Task to carry out:
Please copy every line of the data in which the string "sides" appears.

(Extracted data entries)
━━━━━━━━━━
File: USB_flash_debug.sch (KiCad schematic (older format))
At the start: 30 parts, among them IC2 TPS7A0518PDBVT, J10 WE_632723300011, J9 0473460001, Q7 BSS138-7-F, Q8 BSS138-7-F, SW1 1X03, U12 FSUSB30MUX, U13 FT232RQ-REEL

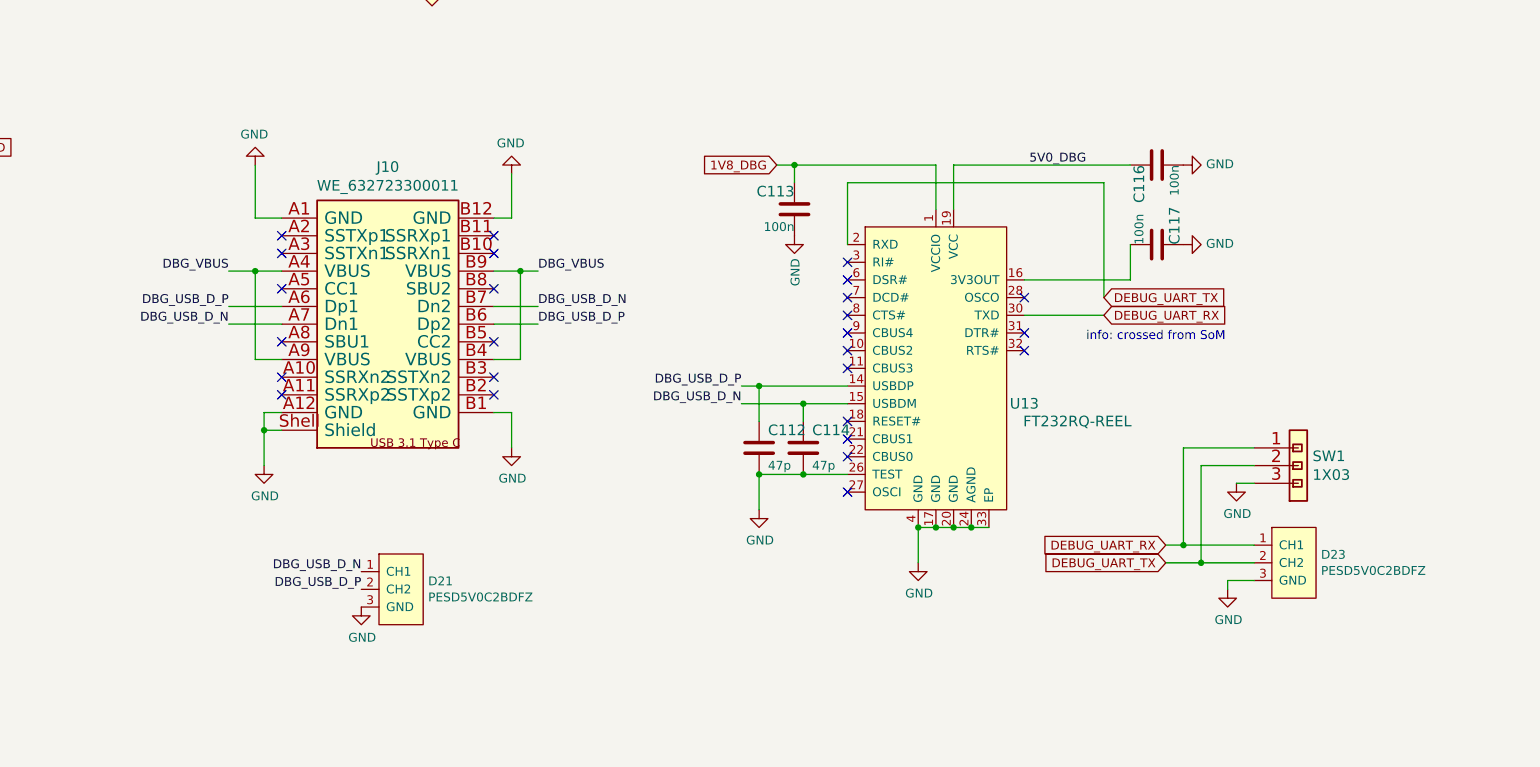
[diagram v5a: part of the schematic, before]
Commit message: USB Debug changed to micro USB. Started modifications on shortening board by 1cm
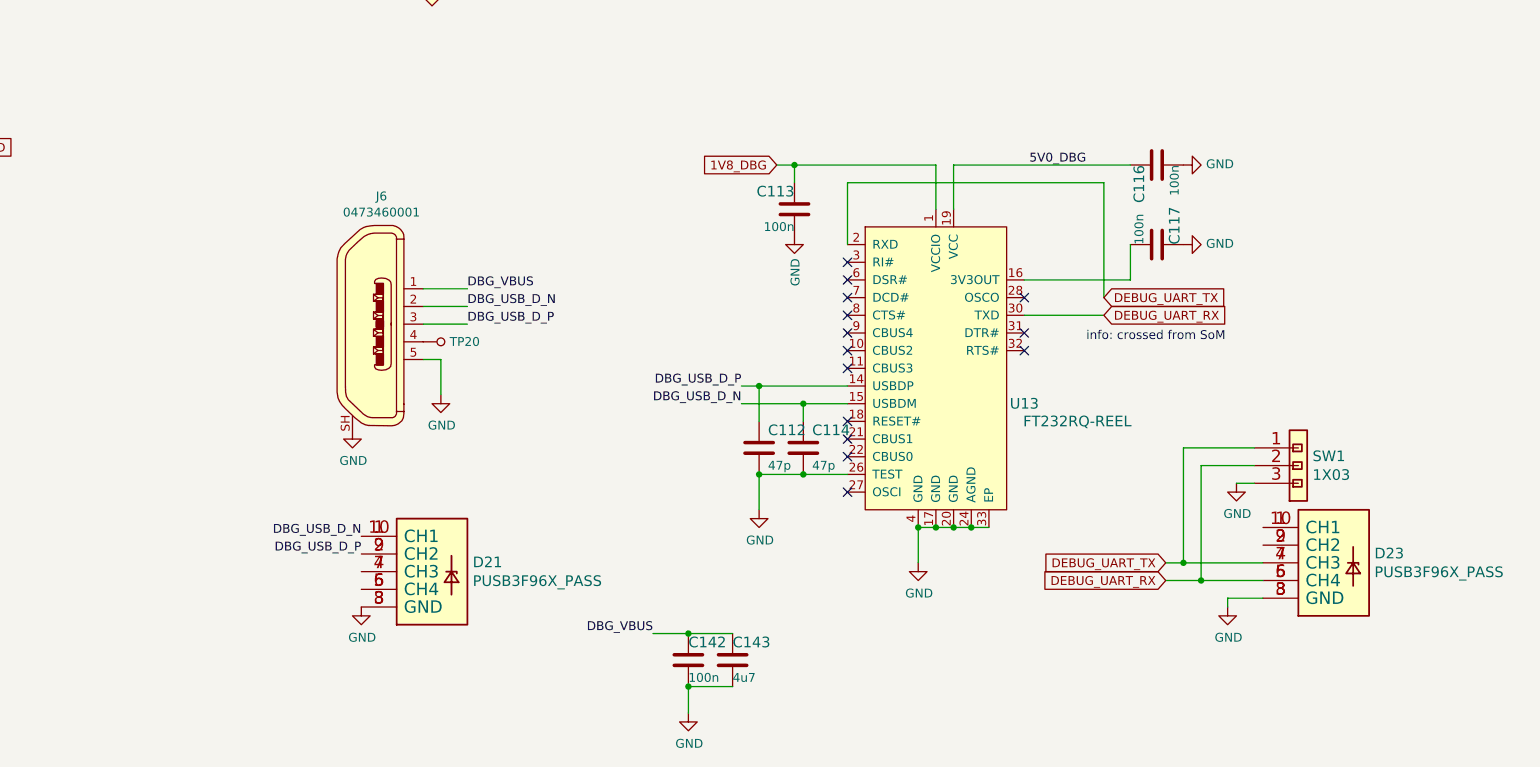
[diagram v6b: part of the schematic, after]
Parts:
- removed D21, D23: PESD5V0C2BDFZ, sc606-baseboard-footprints:DFN0603-3, symbol sc606-baseboard:PESD5V0C2BDFZ
- removed J10: WE_632723300011, sc606-baseboard-footprints:WE_632723300011, symbol sc606-baseboard:WE_632723300011
- added C142: C_100n_0402, sc606-baseboard-footprints:0402-cap, symbol sc606-baseboard:C_100n_0402
- added C143: C_4u7_0402, sc606-baseboard-footprints:0402-cap, symbol sc606-baseboard:C_4u7_0402
- added D21, D23: PUSB3F96X_PASS, sc606-baseboard-footprints:PUSB3F96X, symbol sc606-baseboard:PUSB3F96X_PASS
- added J6: 0473460001, sc606-baseboard-footprints:USB_Micro_B_Female_0473460001, symbol sc606-baseboard:0473460001
- added TP20: TP_SMD_0_75MM, sc606-baseboard-footprints:Testpoint_smd_0_75mm, symbol sc606-baseboard:TP_SMD_0_75MM
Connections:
- net DBG_USB_D_N: now also D21.1 (CH1), D21.10 (CH1), J6.2
- net DBG_USB_D_P: now also D21.2 (CH2), D21.9 (CH2), J6.3
- net DBG_VBUS: now also C142.1, C143.1, J6.1
- net DEBUG_UART_RX: now also SW1.2, D23.5 (CH4), D23.6 (CH4); no longer SW1.1
- net DEBUG_UART_TX: now also SW1.1, D23.4 (CH3), D23.7 (CH3); no longer SW1.2
- net GND: now also C142.2, C143.2, D21.3 (GND), D21.8 (GND), D23.3 (GND), D23.8 (GND), J6.5, J6.SH
- new net: J6.4, TP20.1
- new net: D21.4 (CH3), D21.7 (CH3)
- new net: D21.5 (CH4), D21.6 (CH4)
- new net: D23.1 (CH1), D23.10 (CH1)
- new net: D23.2 (CH2), D23.9 (CH2)
- no-connect marks 26 -> 14

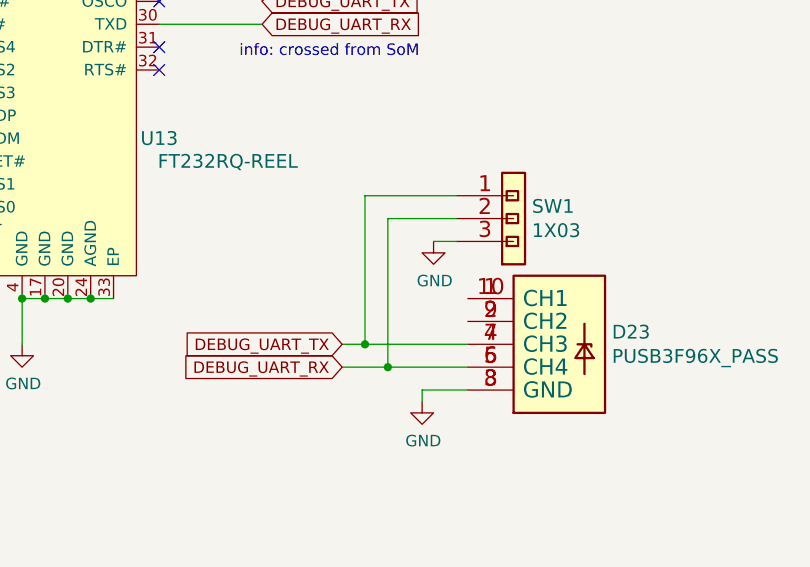
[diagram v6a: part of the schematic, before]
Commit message: Finished placement after shortening board by 1cm
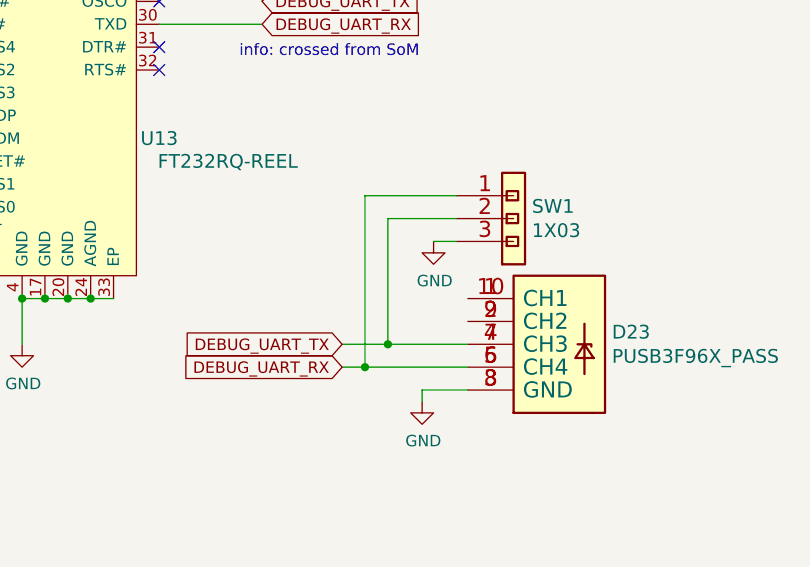
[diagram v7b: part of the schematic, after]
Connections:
- net DEBUG_UART_RX: now also SW1.1; no longer SW1.2
- net DEBUG_UART_TX: now also SW1.2; no longer SW1.1
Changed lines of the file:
@@
 $EndComp
 Wire Wire Line
-	14250 5400 14350 5400
+	14250 5400 14450 5400
 Wire Wire Line
-	14350 5400 14800 5400
-Connection ~ 14350 5400
+	14250 5500 14350 5500
 Wire Wire Line
-	14350 4750 14350 5400
+	14450 4850 14450 5400
+Connection ~ 14450 5400
 Wire Wire Line
-	14250 5500 14450 5500
+	14450 5400 14800 5400
 Wire Wire Line
-	14450 5500 14800 5500
-Connection ~ 14450 5500
+	14350 4750 14350 5500
+Connection ~ 14350 5500
 Wire Wire Line
-	14450 4850 14450 5500
+	14350 5500 14800 5500
 $EndSCHEMATC

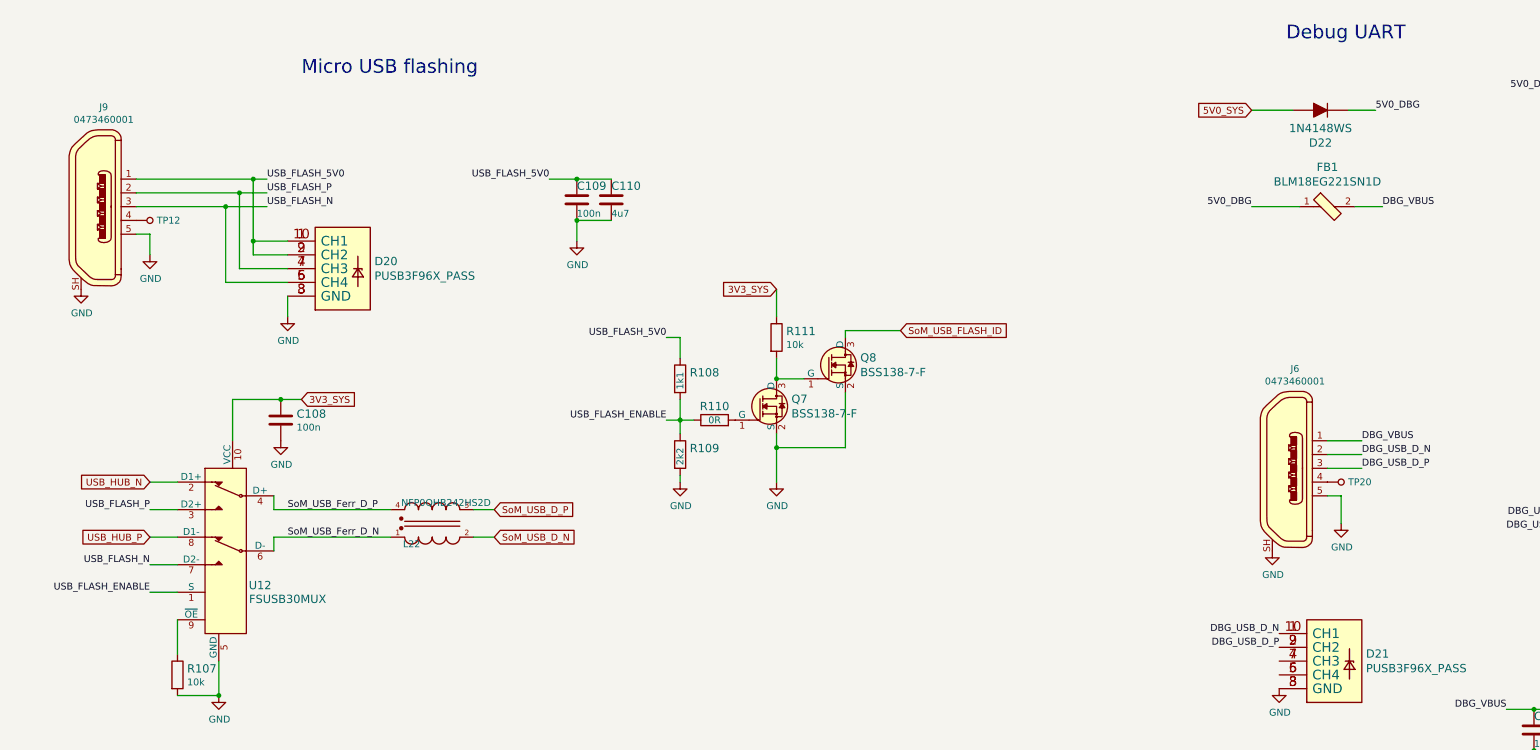
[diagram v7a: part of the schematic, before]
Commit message: Changed USB flash and debug to USB-C. Prepared place for USB PD. Minor modifications of components position
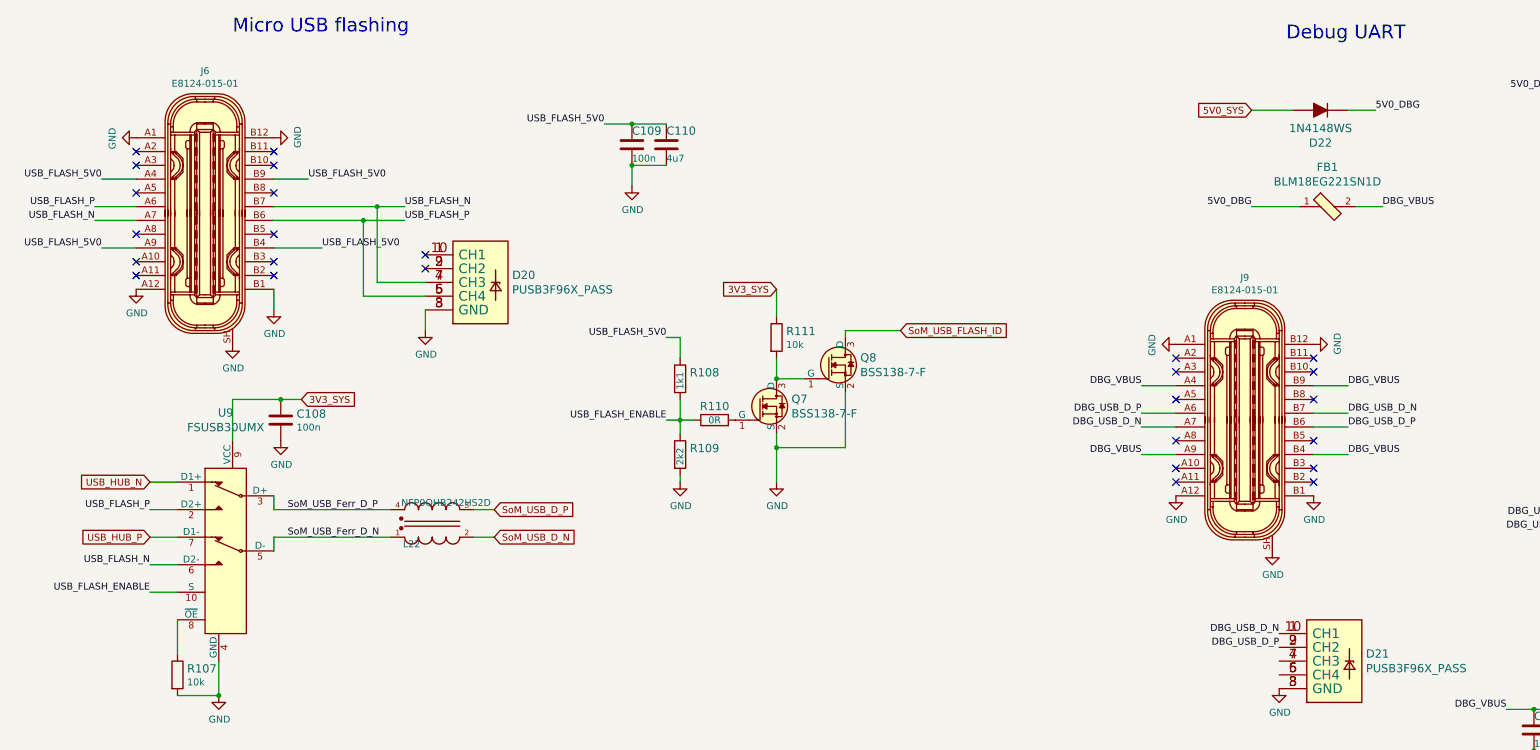
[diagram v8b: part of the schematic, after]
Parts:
- removed J6, J9: 0473460001, sc606-baseboard-footprints:USB_Micro_B_Female_0473460001, symbol sc606-baseboard:0473460001
- removed TP12, TP20: TP_SMD_0_75MM, sc606-baseboard-footprints:Testpoint_smd_0_75mm, symbol sc606-baseboard:TP_SMD_0_75MM
- removed U12: FSUSB30MUX, sc606-baseboard-footprints:MSOP-10_W3mm, symbol sc606-baseboard:FSUSB30MUX
- added J6, J9: E8124-015-01, sc606-baseboard-footprints:USB-C_Female_E8124-015-01, symbol sc606-baseboard:E8124-015-01
- added U9: FSUSB30UMX, sc606-baseboard-footprints:UMLP-10_1.8x1.4mm, symbol sc606-baseboard:FSUSB30UMX
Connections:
- net 3V3_SYS: now also U9.9 (VCC)
- net DBG_USB_D_N: now also J9.A7, J9.B7
- net DBG_USB_D_P: now also J9.A6, J9.B6
- net DBG_VBUS: now also J9.A4, J9.A9, J9.B4, J9.B9
- net GND: now also J6.A1, J6.A12, J6.B1, J6.B12, J6.SH, J9.A1, J9.A12, J9.B1, J9.B12, J9.SH, U9.4 (GND)
- net SoM_USB_Ferr_D_N: now also U9.5 (D-)
- net SoM_USB_Ferr_D_P: now also U9.3 (D+)
- net USB_FLASH_5V0: now also J6.A4, J6.A9, J6.B4, J6.B9; no longer D20.1 (CH1), D20.10 (CH1), D20.2 (CH2), D20.9 (CH2)
- net USB_FLASH_ENABLE: now also U9.10 (S)
- net USB_FLASH_N: now also D20.4 (CH3), D20.7 (CH3), J6.A7, J6.B7, U9.6 (D2-); no longer D20.5 (CH4), D20.6 (CH4)
- net USB_FLASH_P: now also D20.5 (CH4), D20.6 (CH4), J6.A6, J6.B6, U9.2 (D2+); no longer D20.4 (CH3), D20.7 (CH3)
- net USB_HUB_N: now also U9.1 (D1+)
- net USB_HUB_P: now also U9.7 (D1-)
- net at R107.1: now also U9.8 (~OE)
- new net: D20.1 (CH1), D20.10 (CH1)
- new net: D20.2 (CH2), D20.9 (CH2)
- no-connect marks 14 -> 40
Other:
- moved on the sheet: C109, C110, D20
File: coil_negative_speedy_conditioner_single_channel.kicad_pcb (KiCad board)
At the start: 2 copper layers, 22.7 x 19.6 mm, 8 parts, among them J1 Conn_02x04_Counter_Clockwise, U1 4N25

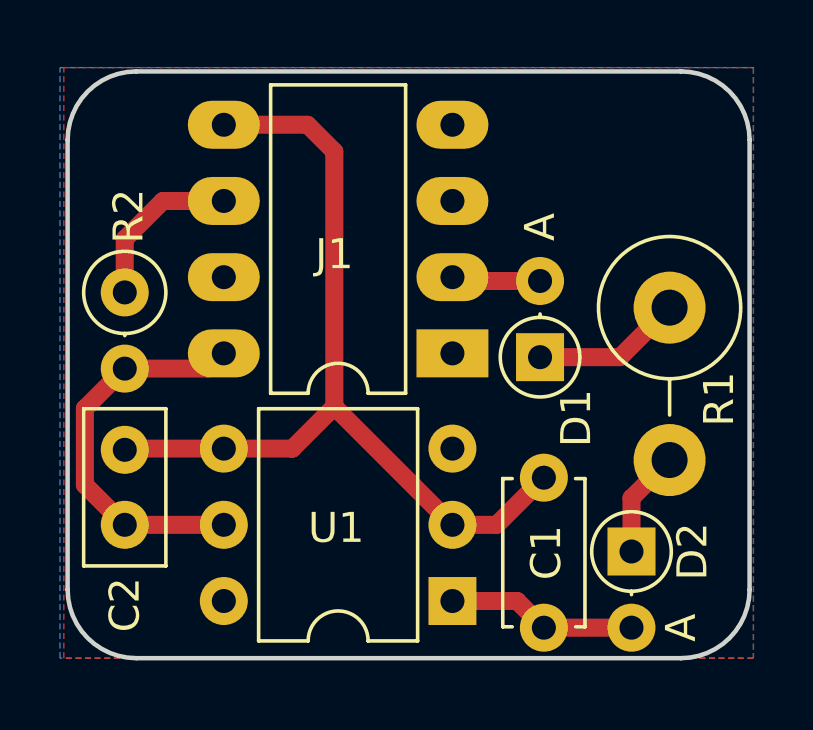
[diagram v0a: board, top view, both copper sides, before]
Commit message: VCC and GND flipped around
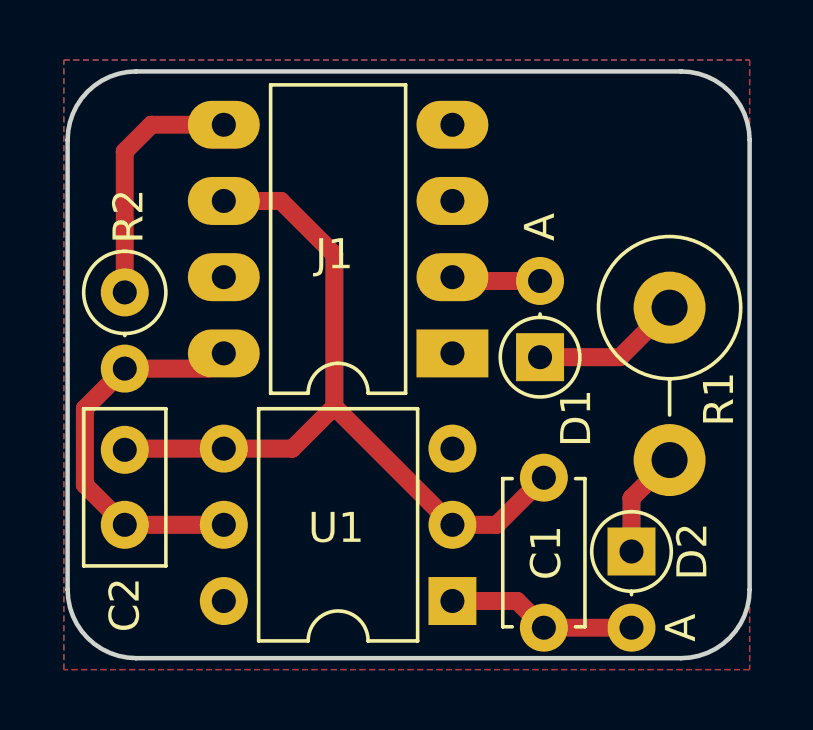
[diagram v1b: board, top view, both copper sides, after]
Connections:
- J1 pad 5: GND -> +5V
- J1 pad 6: +5V -> GND
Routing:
- net GND: track 29.4 -> 26.3 mm
- net +5V: track 5.61 -> 8.37 mm
━━━━━━━━━━
Output below:
[diagram v0a: board, top view, both copper sides, before]
[diagram v1b: board, top view, both copper sides, after]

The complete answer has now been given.